POR UMA SOCIEDADE MELHOR E DE PAZ
“A forma como fomos tratados
quando criança é a mesma como mais tarde tratamos a nossa vida” – Alice Miller.
Sabemos que não é tarefa do
direito nos transformar em cidadãos morais ou afetivos, porém ele impõe certos
comportamentos, principalmente em razão do temor da sanção (reprimenda, multa
e/ou castigo).
Logicamente o ideal seria que
nossa sociedade, em relação à criança e ao adolescente, já tivesse transcendido
qualquer alusão a “medidas educativas” regidas pela pedagogia negra, fundada no
princípio tosco (embora persuasivo), que impõe a necessidade de fazer o
educando passar por castigos físicos (ou tratamentos cruéis) a fim de alcançar,
no futuro, o status de “pessoa boa e civilizada”.
Ignoram esses pais (“cuidadores”)
que a criança, principalmente no primeiro setênio, aprende atitudes e
comportamentos pela imitação das ações e exemplos repetidos no ambiente físico
ao qual ela pertence. Logo, é responsabilidade de quem cuida do menor não ser
um modelo de tirania e repressão, mas sim um exemplo de empatia, cooperação e
atitudes democráticas.
A Lei Menino Bernardo (1) tem o
condão de estabelecer o direito da criança e do adolescente de serem educados e
cuidados sem o uso de castigos físicos ou de tratamento cruel ou degradante. A
proposição, de forma clara, aborda a realização de direitos que são inerentes a
crianças e adolescentes e indispensáveis a sua dignidade e pleno
desenvolvimento.
Como um Projeto de Lei que visa
alterar, e para aperfeiçoar, o Estatuto da Criança e do Adolescente, como
finalidade essencial, não busca penalizar os pais, mas sim, quando for o caso,
orientá-los a cumprirem determinados procedimentos, como cursos ou orientação
psicológica nas hipóteses de castigo físico, por exemplo. A depender da
gravidade da situação, o Conselho Tutelar poderá até mesmo acionar a polícia.
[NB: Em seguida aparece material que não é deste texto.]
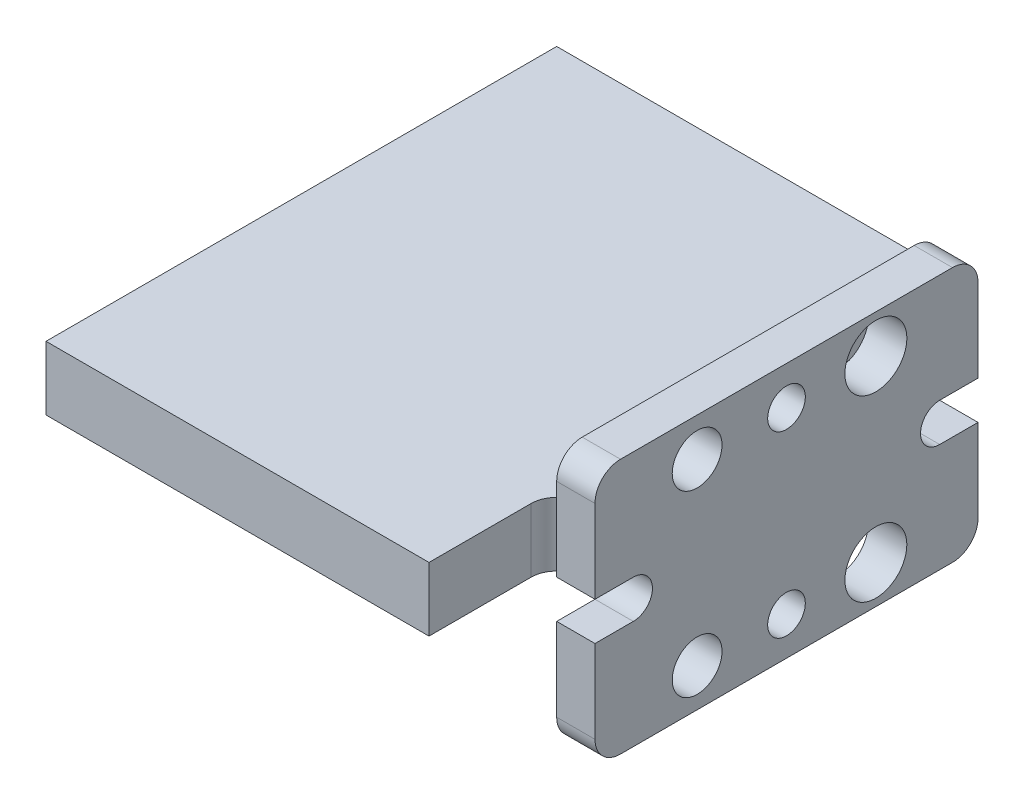
SolidWorks part; units mm, degrees
ref_plane "前视基准面" through (0, 0, 0) normal (0, 0, 1) x (1, 0, 0)
ref_plane "上视基准面" through (0, 0, 0) normal (0, 1, 0) x (1, 0, 0)
ref_plane "右视基准面" through (0, 0, 0) normal (1, 0, 0) x (0, 0, -1)
sketch "草图1" plane through (0, 0, 0) normal (1, 0, 0) x (0, 0, -1)
  line L1 (-10, 2.5) -> (10, 2.5)
  line L2 (-10, 2.5) -> (-10, -2.5)
  line L3 (-10, -2.5) -> (10, -2.5)
  line L4 (10, 2.5) -> (10, -2.5)
  line L5 (-10, 2.5) -> (10, -2.5) construction
  line L6 (-10, -2.5) -> (10, 2.5) construction
  point P0 (0, 0)
  dimension "D1" = 5
  dimension "D2" = 20
extrude "凸台-拉伸1" add sketch "草图1" against normal blind 35
sketch "草图2" plane through (0, 0, 0) normal (1, 0, 0) x (0, 0, -1)
  line L1 (-15, 10) -> (15, 10)
  line L2 (-15, 10) -> (-15, -10)
  line L3 (-15, -10) -> (15, -10)
  line L4 (15, 10) -> (15, -10)
  line L5 (-15, 10) -> (15, -10) construction
  line L6 (-15, -10) -> (15, 10) construction
  point P0 (0, 0)
  dimension "D1" = 20
  dimension "D2" = 30
extrude "凸台-拉伸2" add sketch "草图2" along normal blind 3
fillet "圆角1" radius 2 1 edges at (1.5, 10, -15)
fillet "圆角2" radius 2 1 edges at (1.5, 10, 15)
fillet "圆角3" radius 2 1 edges at (1.5, -10, -15)
fillet "圆角4" radius 2 1 edges at (1.5, -10, 15)
sketch "草图4" plane through (0, 0, 0) normal (0, 1, 0) x (1, 0, 0)
  line L0 (-71.4991, 0) -> (19.3429, 0) construction
  line L1 (-35, 20) -> (-5, 20)
  line L2 (-35, 20) -> (-35, -20)
  line L3 (-35, -20) -> (-5, -20)
  line L4 (-5, 20) -> (-5, -20)
  line L5 (0, 13) -> (0, -13) construction
  point P7 (-35, 0)
  dimension "D1" = 30
  dimension "D2" = 20
  dimension "D3" = 5
extrude "凸台-拉伸3" add sketch "草图4" along normal mid plane 5
fillet "圆角5" radius 2 1 edges at (-5, 0, -10)
fillet "圆角6" radius 2 1 edges at (-5, 0, 10)
sketch "草图5" plane through (0, 0, 0) normal (1, 0, 0) x (0, 0, -1)
  line L0 (-15, 8) -> (-15, -8) construction
  line L1 (-12, -1.5) -> (-15, -1.5)
  line L2 (0, -12.7004) -> (0, 18.7249) construction
  line L3 (-12, 1.5) -> (-15, 1.5)
  line L4 (-15, -1.5) -> (-15, 1.5)
  line L5 (-12, -1.5) -> (-15, 1.5) construction
  line L6 (-12, 1.5) -> (-15, -1.5) construction
  line L7 (-18.2451, 0) -> (18.228, 0) construction
  line L8 (12, 1.5) -> (15, 1.5)
  line L9 (12, -1.5) -> (15, -1.5)
  line L10 (15, -1.5) -> (15, 1.5)
  arc A0 (-12, -1.5) -> (-12, 1.5) centre (-12, 0) ccw
  arc A1 (12, -1.5) -> (12, 1.5) centre (12, 0) cw
  point P0 (-13.5, 0)
  point P8 (-15, 0)
  point P14 (-13.5, 1.5)
  point P19 (13.5, 1.5)
  dimension "D1" = 3
  dimension "D2" = 3
extrude "切除-拉伸2" cut sketch "草图5" along normal blind 3
sketch "草图6" plane through (0, 0, 0) normal (1, 0, 0) x (0, 0, -1)
  line L0 (0, -12.2212) -> (0, 15.5615) construction
  line L1 (-13, -10) -> (13, -10) construction
  line L2 (-7, -12.2212) -> (-7, 15.5615) construction
  line L3 (7, -12.2212) -> (7, 15.5615) construction
  line L5 (23.6468, 0) -> (-26.4286, 0) construction
  line L6 (-17.956, -7) -> (17.956, -7) construction
  circle A0 centre (0, -7) radius 1.475
  circle A1 centre (-7, -7) radius 1.95
  circle A2 centre (7, -7) radius 2.425
  circle A3 centre (7, 7) radius 2.425
  circle A4 centre (0, 7) radius 1.475
  circle A5 centre (-7, 7) radius 1.95
  point P19 (0, 0)
  point P20 (0, 0)
  point P21 (0, 0)
  point P22 (0, 0)
  point P23 (0, 0)
  point P24 (0, 0)
  dimension "D1" = 2.95
  dimension "D4" = 4.85
  dimension "D5" = 3.9
  dimension "D6" = 7
  dimension "D2" = 3
  dimension "D3" = 7
extrude "切除-拉伸3" cut sketch "草图6" along normal blind 3
sketch "草图8" plane through (0, 0, -15) normal (0, 0, -1) x (-1, 0, 0)
  line L0 (0, -8) -> (0, -1.5) construction
  line L1 (0, -2.5) -> (-3, -2.5)
  line L2 (0, -2.5) -> (0, -10)
  line L3 (0, -10) -> (-3, -10)
  line L4 (-3, -2.5) -> (-3, -10)
  line L5 (0, -10) -> (-3, -10) construction
  line L6 (-3, -8) -> (-3, -1.5) construction
  line L7 (3, -2.5) -> (0, -2.5) construction

Entretanto, tudo isso está estabelecido no intuito de proteger o menor em
situação de “natureza disciplinar ou punitiva, com o uso da força física que
resulte em sofrimento físico ou lesão à criança ou adolescente” (trecho da Lei
que define castigo) (2).
Por resistência ou ignorância dos
pais, muitas vezes, o que chamamos de mau comportamento é apenas a única forma
que a criança conhece para expressar que suas necessidades básicas não estão
sendo atendidas.
É mau e injusto punir uma criança
porque ela responde de uma maneira natural à sensação de uma necessidade importante
que é negligenciada pelo adulto. Por esta razão, a punição não só é inadequada
a longo prazo, mas é certamente nociva.
Além disso, como as crianças aprendem
através dos modelos que seus pais representam, o castigo corporal transmite a
mensagem de que bater
é uma maneira adequada de exprimir seus sentimentos e de resolver os
problemas.
Se uma criança não tem a
oportunidade de ver seus pais resolverem os problemas de maneira firme, mas sem
o uso da violência, reconhecendo quem ainda se põe indefeso perante a casa e a
rua, dificilmente conseguirá ela aprender a fazer deste modo. Como efeito,
quando adulta, poderá reproduzir este tipo de paternidade/maternidade
incompetente e violenta com as gerações seguintes.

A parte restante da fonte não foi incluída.